Nous pouvons entendre «sécurité» dans l’histoire d’une Ukrainienne ordinaire qui est restée dans son pays malgré le chaos total et l’incertitude parce qu’elle ressentait un sentiment d’unité et de chaleur de la part des gens qui l’entouraient et voulait aider de toutes les manières possibles.

Nous pouvons ressentir la « sécurité » dans notre propre expérience lorsque nous échangeons un coup de poing pour montrer que nous sommes ensemble, que nous recevons un sourire reconnaissant de la part de quelqu’un qui a besoin de notre aide ou que nous sentons la patte de notre chien s’enrouler doucement autour de notre cou lorsque nous caressons son ventre. .
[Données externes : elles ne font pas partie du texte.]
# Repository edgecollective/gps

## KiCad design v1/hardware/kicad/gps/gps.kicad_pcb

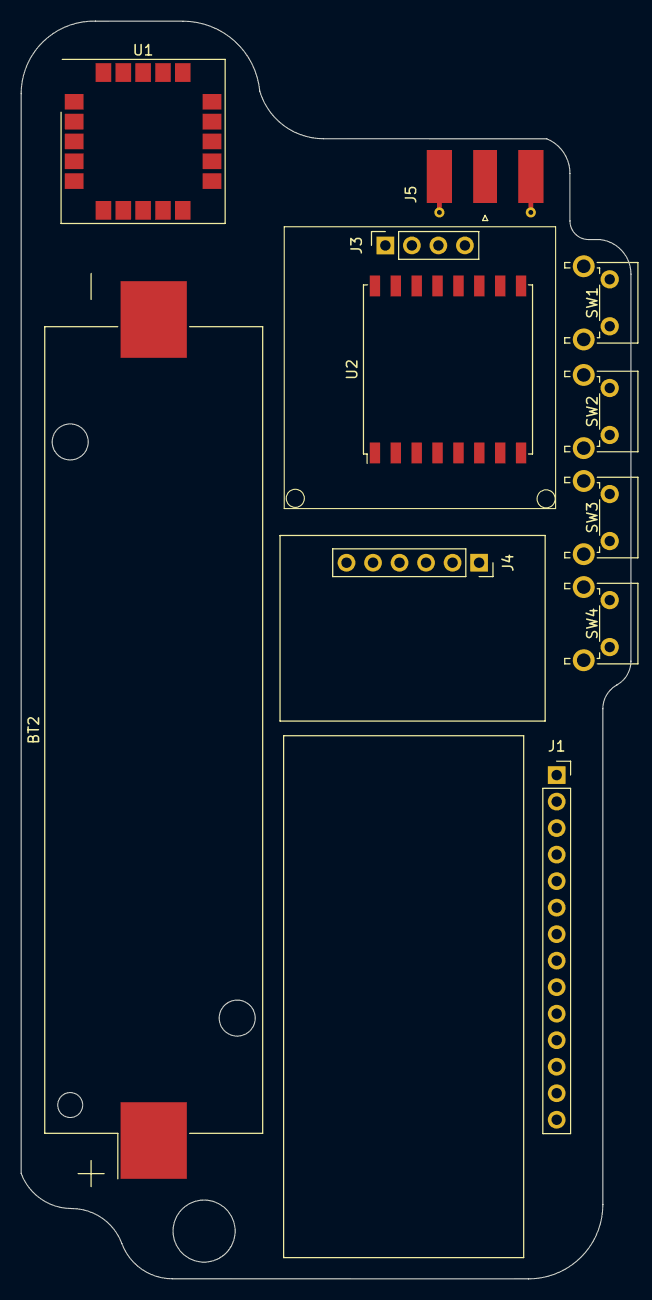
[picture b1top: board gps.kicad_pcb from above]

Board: 2 copper layers, 58.4 x 120.5 mm, 12 parts (1 on the bottom side), 3 nets, no tracks yet.

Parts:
BT1: Battery_Cell; BatteryHolder_Keystone_1058_1x2032
BT2: Battery_Cell; BatteryHolder_Keystone_1042_1x18650
J1: Conn_01x14_Female; PinSocket_1x14_P2.54mm_Vertical
J3: Conn_01x04_Female; PinSocket_1x04_P2.54mm_Vertical
J4: Conn_01x06_Female; PinSocket_1x06_P2.54mm_Vertical
J5: Conn_Coaxial; SMA_Molex_73251-1153_EdgeMount_Horizontal
SW1, SW2, SW3, SW4: SW_Push; SW_Tactile_SPST_Angled_PTS645Vx58-2LFS
U1: ublox_SAM-M8Q
U2: RFM95HW; HOPERF_RFM9XW_SMD

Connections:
3V3: U1.2, U1.17
GND: BT1.2, U1.1, U1.4, U1.5, U1.6, U1.10, U1.11, U1.15, U1.16, U1.20
unnamed: BT1.1, U1.3

Nous savons ce qu’est la sécurité. Nous le savons quand nous le voyons, l’entendons et le ressentons dans notre propre corps et quand il est exprimé par le corps d’un autre. Il est essentiel. C’est contagieux. Même lorsque nous sommes constamment évalués, confrontés à une culture compétitive de combattants ou naviguant dans un monde d’incertitude et de défis, nous pouvons nous aider nous-mêmes et nous aider mutuellement à nous sentir en sécurité dans notre corps. Nous devons le faire, et il est temps.